The Gujarat milk cooperative system is well established. Producers bring their milk to a central collection point where it is measured and its butterfat content evaluated. Volume was easily determined. Butterfat content was less easily determined, and producers complained they were being cheated by fraudulent assessments. Moreover, they were not paid until the butterfat assessments were made, a lengthy process, and often had to wait for long periods without knowing exactly how much they would be paid. Then, computer-based assessment equipment was introduced allowing the milk’s butterfat content to be accurately assessed on the spot. The corrupt middlemen were eliminated, and the producers were issued a payment chit within a few minutes of delivering their milk.

 

Like many pregnant women in Dharavi, Mumbai’s biggest slum, Shalini suffers from anemia. Her meager diet is simply too low in iron. Shalini is now getting iron supplements thanks to a UNICEF program supported by WebMD. Outreach medical workers at Mumbai’s Sion Hospital are tracking Shalini’s and others’ response to the iron supplements program for WebMD’s internet service linking health care workers across the digital divide. They are also able to access data from similar efforts to improve maternal health around the world, and integrate it into their own local initiative.

 

Hari, 12 years old, lives in one of Delhi’s worse slums. He attended school up to third grade, then dropped out to help his family eek out a living collecting and selling recyclable plastic discards. His father is in poor health, and may soon have to give up his job driving a three-wheeler rickshaw in the far suburbs. His mother died soon after the birth of Hari’s 2-year-old sister. If his father has to stop working, there is no way Hari can provide for the family. Luckily, Raj Shah, a successful software engineer settled in Austin, Texas, has started a computer programming training school in Hari’s slum, using donated used computers from American companies upgrading their systems. Hari has enrolled in the school, where he receives free training and a hot lunch every day. He is also learning English, and improving his reading and writing in Hindi as well.
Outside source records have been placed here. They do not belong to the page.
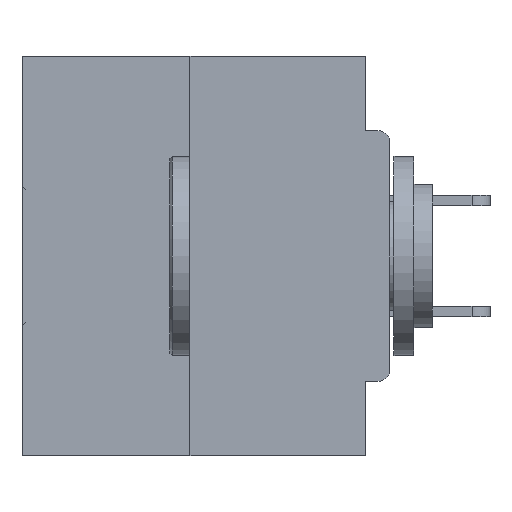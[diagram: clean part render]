
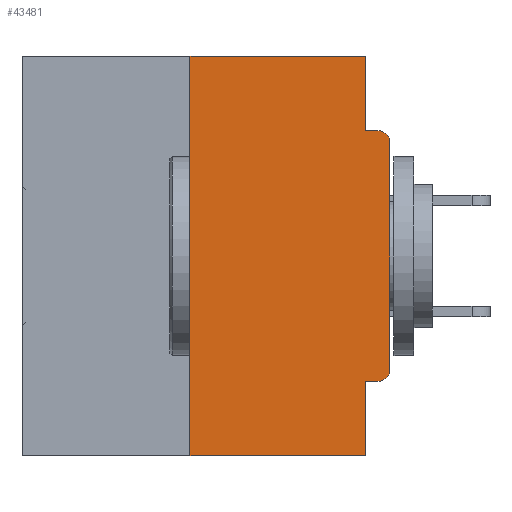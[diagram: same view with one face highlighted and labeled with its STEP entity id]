
A CAD part, left-side view. The second image highlights one B-rep face of the part: STEP entity #43481.
In plain terms, the highlighted planar face has unit normal (-1, 0, 0).
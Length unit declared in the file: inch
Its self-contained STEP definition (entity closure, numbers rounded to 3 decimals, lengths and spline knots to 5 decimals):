
#149 = VERTEX_POINT ( 'NONE', #26734 ) ;
#237 = VECTOR ( 'NONE', #37260, 39.37008 ) ;
#426 = LINE ( 'NONE', #5386, #31942 ) ;
#548 = LINE ( 'NONE', #24531, #35736 ) ;
#1343 = VERTEX_POINT ( 'NONE', #27414 ) ;
#1489 = VERTEX_POINT ( 'NONE', #41631 ) ;
#1514 = DIRECTION ( 'NONE',  ( 0., 0., -1. ) ) ;
#1686 = AXIS2_PLACEMENT_3D ( 'NONE', #36517, #9785, #37102 ) ;
#2568 = CIRCLE ( 'NONE', #38249, 0.015 ) ;
#3810 = DIRECTION ( 'NONE',  ( 0., 0., -1. ) ) ;
#5386 = CARTESIAN_POINT ( 'NONE',  ( 0., 0.031, -0.5 ) ) ;
#5502 = CARTESIAN_POINT ( 'NONE',  ( 0., 0., -0.4065 ) ) ;
#5651 = DIRECTION ( 'NONE',  ( 0., 0., -1. ) ) ;
#5658 = ORIENTED_EDGE ( 'NONE', *, *, #31210, .F. ) ;
#6426 = CARTESIAN_POINT ( 'NONE',  ( 0., 0.015, -0.1085 ) ) ;
#7297 = CARTESIAN_POINT ( 'NONE',  ( 0., 0., 0. ) ) ;
#8023 = CARTESIAN_POINT ( 'NONE',  ( 0., 0., -0.3915 ) ) ;
#9648 = PLANE ( 'NONE',  #1686 ) ;
#9785 = DIRECTION ( 'NONE',  ( 1., 0., 0. ) ) ;
#9844 = EDGE_CURVE ( 'NONE', #36594, #41317, #426, .T. ) ;
#10300 = VERTEX_POINT ( 'NONE', #8023 ) ;
#10346 = VERTEX_POINT ( 'NONE', #41659 ) ;
#10478 = ORIENTED_EDGE ( 'NONE', *, *, #29145, .F. ) ;
#10990 = EDGE_LOOP ( 'NONE', ( #5658, #15194, #25957, #12330, #10478, #19245, #35863, #35393, #38883, #16740 ) ) ;
#11339 = CARTESIAN_POINT ( 'NONE',  ( 0., 0.25, 0. ) ) ;
#12330 = ORIENTED_EDGE ( 'NONE', *, *, #9844, .F. ) ;
#13009 = VECTOR ( 'NONE', #35495, 39.37008 ) ;
#15194 = ORIENTED_EDGE ( 'NONE', *, *, #29831, .F. ) ;
#15327 = CARTESIAN_POINT ( 'NONE',  ( 0., 0.015, -0.3915 ) ) ;
#15510 = DIRECTION ( 'NONE',  ( 0., -1., 0. ) ) ;
#15560 = EDGE_CURVE ( 'NONE', #37730, #40413, #548, .T. ) ;
#15711 = VECTOR ( 'NONE', #27624, 39.37008 ) ;
#16014 = EDGE_CURVE ( 'NONE', #1343, #149, #29888, .T. ) ;
#16250 = CARTESIAN_POINT ( 'NONE',  ( 0., 0.031, 0. ) ) ;
#16575 = LINE ( 'NONE', #7297, #237 ) ;
#16740 = ORIENTED_EDGE ( 'NONE', *, *, #15560, .F. ) ;
#17292 = LINE ( 'NONE', #23792, #15711 ) ;
#17499 = FACE_OUTER_BOUND ( 'NONE', #10990, .T. ) ;
#17945 = CARTESIAN_POINT ( 'NONE',  ( 0., 0.031, -0.0935 ) ) ;
#17986 = VECTOR ( 'NONE', #15510, 39.37008 ) ;
#18084 = DIRECTION ( 'NONE',  ( 0., 0., 1. ) ) ;
#18702 = DIRECTION ( 'NONE',  ( -1., 0., 0. ) ) ;
#19162 = CARTESIAN_POINT ( 'NONE',  ( 0., 0., -0.0935 ) ) ;
#19245 = ORIENTED_EDGE ( 'NONE', *, *, #19834, .T. ) ;
#19834 = EDGE_CURVE ( 'NONE', #10346, #10300, #2568, .T. ) ;
#21129 = LINE ( 'NONE', #19162, #17986 ) ;
#22909 = DIRECTION ( 'NONE',  ( 0., 0., -1. ) ) ;
#23792 = CARTESIAN_POINT ( 'NONE',  ( 0., 0.46, 0. ) ) ;
#24531 = CARTESIAN_POINT ( 'NONE',  ( 0., 0.031, 0. ) ) ;
#24606 = EDGE_CURVE ( 'NONE', #10300, #1343, #16575, .T. ) ;
#24899 = CARTESIAN_POINT ( 'NONE',  ( 0., 0.46, -0.5 ) ) ;
#25474 = VECTOR ( 'NONE', #34738, 39.37008 ) ;
#25957 = ORIENTED_EDGE ( 'NONE', *, *, #38680, .T. ) ;
#26013 = EDGE_CURVE ( 'NONE', #40413, #149, #21129, .T. ) ;
#26104 = CARTESIAN_POINT ( 'NONE',  ( 0., 0.25, 0. ) ) ;
#26734 = CARTESIAN_POINT ( 'NONE',  ( 0., 0.015, -0.0935 ) ) ;
#27131 = LINE ( 'NONE', #11339, #29188 ) ;
#27414 = CARTESIAN_POINT ( 'NONE',  ( 0., 0., -0.1085 ) ) ;
#27624 = DIRECTION ( 'NONE',  ( 0., -1., 0. ) ) ;
#29145 = EDGE_CURVE ( 'NONE', #10346, #36594, #37180, .T. ) ;
#29188 = VECTOR ( 'NONE', #18084, 39.37008 ) ;
#29831 = EDGE_CURVE ( 'NONE', #1489, #42758, #27131, .T. ) ;
#29888 = CIRCLE ( 'NONE', #33687, 0.015 ) ;
#29921 = DIRECTION ( 'NONE',  ( -1., 0., 0. ) ) ;
#30677 = CARTESIAN_POINT ( 'NONE',  ( 0., 0.031, -0.5 ) ) ;
#31210 = EDGE_CURVE ( 'NONE', #42758, #37730, #17292, .T. ) ;
#31942 = VECTOR ( 'NONE', #5651, 39.37008 ) ;
#33687 = AXIS2_PLACEMENT_3D ( 'NONE', #6426, #29921, #22909 ) ;
#34284 = CARTESIAN_POINT ( 'NONE',  ( 0., 0.031, -0.4065 ) ) ;
#34738 = DIRECTION ( 'NONE',  ( 0., -1., 0. ) ) ;
#35393 = ORIENTED_EDGE ( 'NONE', *, *, #16014, .T. ) ;
#35495 = DIRECTION ( 'NONE',  ( 0., 1., 0. ) ) ;
#35736 = VECTOR ( 'NONE', #3810, 39.37008 ) ;
#35863 = ORIENTED_EDGE ( 'NONE', *, *, #24606, .T. ) ;
#36517 = CARTESIAN_POINT ( 'NONE',  ( 0., 0.46, 0. ) ) ;
#36594 = VERTEX_POINT ( 'NONE', #34284 ) ;
#37102 = DIRECTION ( 'NONE',  ( 0., 0., -1. ) ) ;
#37180 = LINE ( 'NONE', #5502, #13009 ) ;
#37260 = DIRECTION ( 'NONE',  ( 0., 0., 1. ) ) ;
#37730 = VERTEX_POINT ( 'NONE', #16250 ) ;
#38249 = AXIS2_PLACEMENT_3D ( 'NONE', #15327, #18702, #1514 ) ;
#38680 = EDGE_CURVE ( 'NONE', #1489, #41317, #41795, .T. ) ;
#38883 = ORIENTED_EDGE ( 'NONE', *, *, #26013, .F. ) ;
#40413 = VERTEX_POINT ( 'NONE', #17945 ) ;
#41317 = VERTEX_POINT ( 'NONE', #30677 ) ;
#41631 = CARTESIAN_POINT ( 'NONE',  ( 0., 0.25, -0.5 ) ) ;
#41659 = CARTESIAN_POINT ( 'NONE',  ( 0., 0.015, -0.4065 ) ) ;
#41795 = LINE ( 'NONE', #24899, #25474 ) ;
#42758 = VERTEX_POINT ( 'NONE', #26104 ) ;
#43481 = ADVANCED_FACE ( 'NONE', ( #17499 ), #9648, .F. ) ;

His new skills will be in high demand in India’s booming information technology sector.

 

The village of Kizhur in India’s southern state of Tamil Nadu is home to a community of weavers going back untold generations. Their traditional product is handwoven lungis, the traditional male garment of South India. In recent years, as wearing trousers has become more popular, it has become more and more difficult for the weavers to sell their cloth. Then they were approached by a representative of PEOPLink, an internet e-commerce initiative that links producers around the world directly to market, about supplying a nearby sewing cooperative with their handwoven cotton cloth for making placemats, napkins and tablecloths for sale on the internet. The sewing cooperative is doing a brisk business on PEOPLink’s web site and needs more cloth to keep production up with increasing demand. A deal was struck, and the weavers of Kizhur are now able to sell as much cloth as they can produce.